COVID-19 in chronic liver disease: advanced cirrhosis greatly raises risk of death

Keith Alcorn
Published:
22 May 2020

People with chronic liver disease admitted to hospital with COVID-19 are dying at a much higher rate than the rest of the population, figures collated by liver specialists in Europe, Asia and North America show. Advanced cirrhosis greatly increased the risk of death, the study found.

People with severe cirrhosis were almost thirty times more likely to die after a COVID-19 diagnosis than people with chronic liver disease without cirrhosis, the figures show.

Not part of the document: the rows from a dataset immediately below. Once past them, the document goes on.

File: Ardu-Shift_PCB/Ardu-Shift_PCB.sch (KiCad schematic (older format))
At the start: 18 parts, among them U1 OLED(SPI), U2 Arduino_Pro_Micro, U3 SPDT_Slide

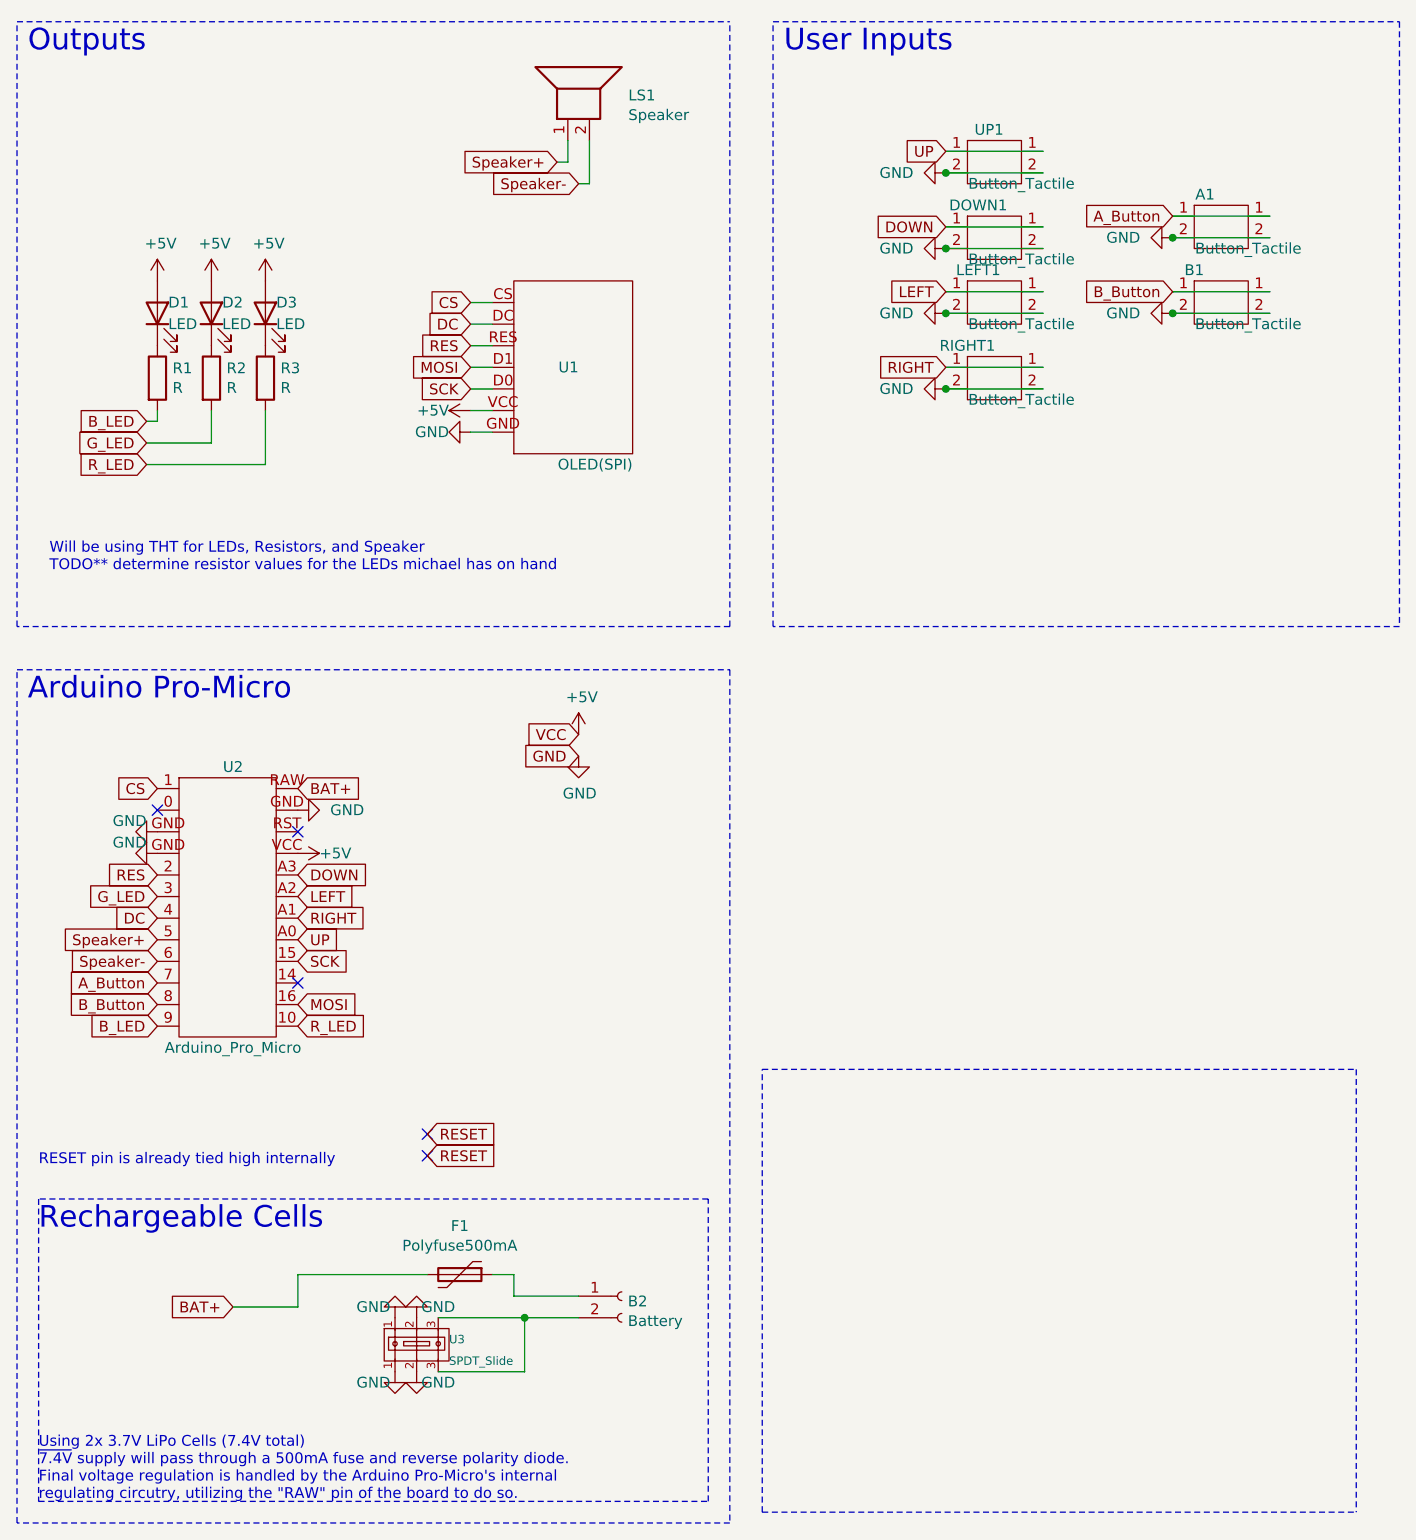
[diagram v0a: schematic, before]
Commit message: finalized PCB design - ready for final review by team members. Gerber files generated for manufacturing
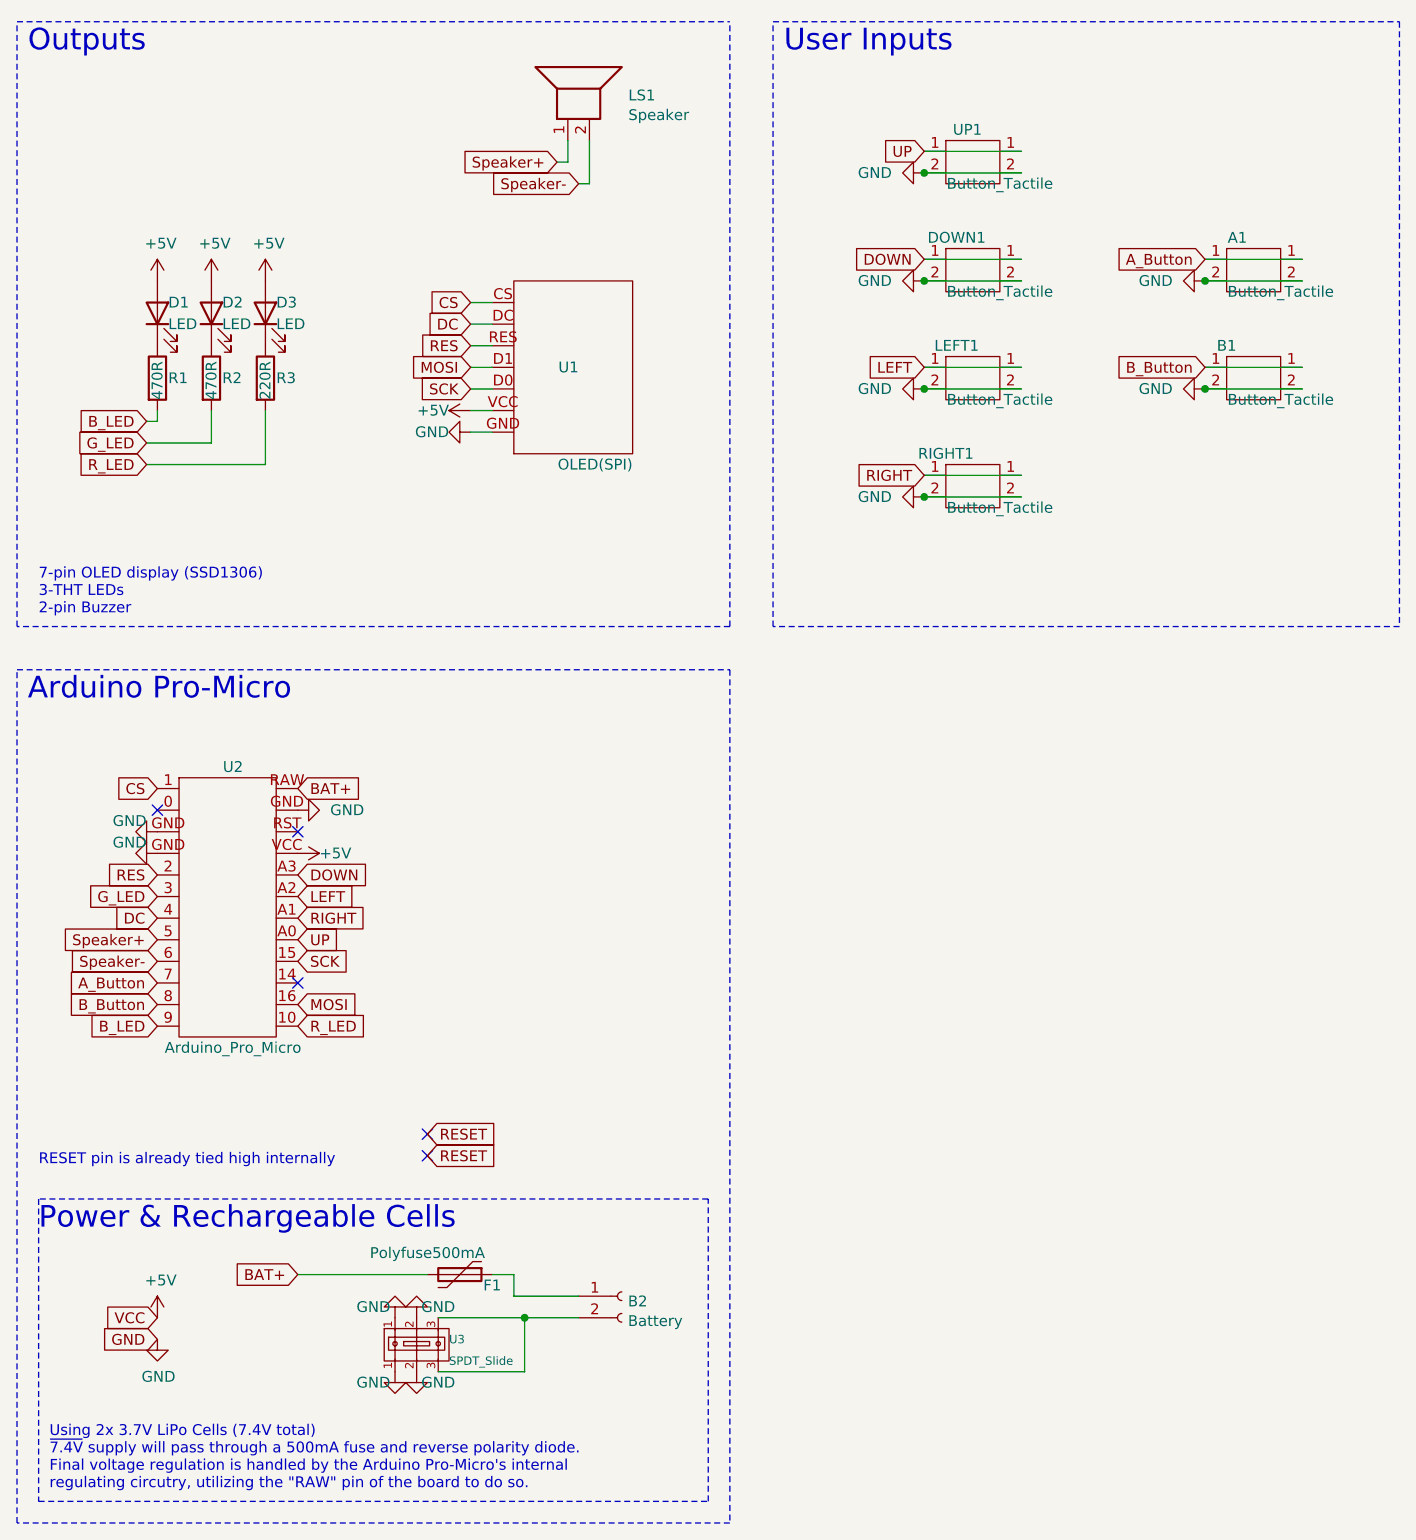
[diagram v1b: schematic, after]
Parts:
- R1, R2: value R -> 470R
- R3: value R -> 220R
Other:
- note added: "7-pin OLED display (SSD1306)\n3-THT LEDs \n2-pin Buzzer"
- note added: "Power & Rechargeable Cells\n"
- note removed: "Rechargeable Cells\n"
- note removed: "Will be using THT for LEDs, Resistors, and Speaker \nTODO** determine resistor values for the LEDs michael has on hand\n"
- moved on the sheet: A1, B1, DOWN1, LEFT1, RIGHT1, UP1

The overall death rate in people with chronic liver disease was 39% among reported cases.

Two international registries were established in March 2020 to track the outcomes of people with chronic liver disease and cirrhosis after diagnosis with COVID-19. Investigators from 14 specialist liver clinics in the United States, Spain and the United Kingdom have now reported on the first 152 cases submitted to the registries, in a publication in the Journal of Hepatology.

Glossary

ascites

An accumulation of fluid in the abdomen; may be caused by liver damage, especially cirrhosis. 

encephalopathy

A disease or infection affecting the brain.

Large case series published to date have not shown a high prevalence of chronic liver disease in people hospitalised with COVID-19, suggesting that people with chronic liver conditions are not at higher risk of developing severe symptoms because of SARS-CoV2 infection.

However, no study has looked specifically at the clinical outcomes of people known to have chronic liver disease.

The COVID-Hep.net registry and COVIDCirrhosis.org registry accumulated 152 consecutive physician reports of laboratory-confirmed cases of COVID-19 between 25 March 2020 and 20 April 2020, of cases with definite outcomes (either death or discharge from hospital).

103 were cases of cirrhosis. 22.3% of reported cases occurred in people with viral hepatitis, 22.4% in people with non-alcoholic fatty liver disease and 19.7% in alcoholic liver disease. The remainder had other causes or a combination of causes.

The median age of reported cases was 61 years and 59% were male. 21% were obese (BMI > 30 kg/m2), 21% had cardiovascular disease, 35% diabetes and 39% hypertension.

Ninety-five percent of the reported cases were admitted to hospital, and 23% were admitted to an intensive care unit. Forty-seven of the 152 people died (39.8%).

Multivariable analysis showed that severe cirrhosis (Child Pugh C stage) was strongly associated with an increased risk of death from COVID-19. People in Child Pugh stage C, who comprised 17.8% of all reported cases, were 28 times more likely to die than people without cirrhosis (32.2% of cases) (odds ratio 28.07, 95% CI 4.42-178.46, p<0.001). Sixty-three per cent of people with Child Pugh stage C cirrhosis died compared to 12.2% of those without cirrhosis.

People with Child Pugh stage B cirrhosis also had a higher risk of death (OR 4.90, 95% CI 1.16-20.61, p=0.030).

Obesity was the other significant risk factor; obese people were approximately three-and-a half times more likely to die (OR 3.59, 95% CI 1.1-10.47, p=0.033).

Older age had a borderline significant impact on the risk of dying, but other underlying conditions did not emerge as significant risk factors after controlling for other risk factors including cirrhosis stage.

Decompensation events (worsening ascites, variceal haemorrhage, hepatic encephalopathy or bacterial peritonitis) occurred significantly more often in those who died (51% vs 14%, p< 0.001) and 12.2% of deaths were classified as liver-related. Decompensation events occurred frequently in the reported cases; around half of people with Child Pugh B or C cirrhosis suffered at least one new or worsening event after diagnosis with COVID-19 and these events often occurred in people without respiratory symptoms of COVID-19.

The investigators say that the findings regarding decompensation events, especially in the absence of respiratory symptoms, underline the importance of testing for SARS-CoV2 in any patient with chronic liver disease who experiences a decompensation event.

Reference

Moon AJ et al. High mortality rate for SARS-CoV2 infection in patients with pre-existing chronic liver disease and cirrhosis: preliminary results from an international registry. Journal of Hepatology, advance online publication, 22 May 2020.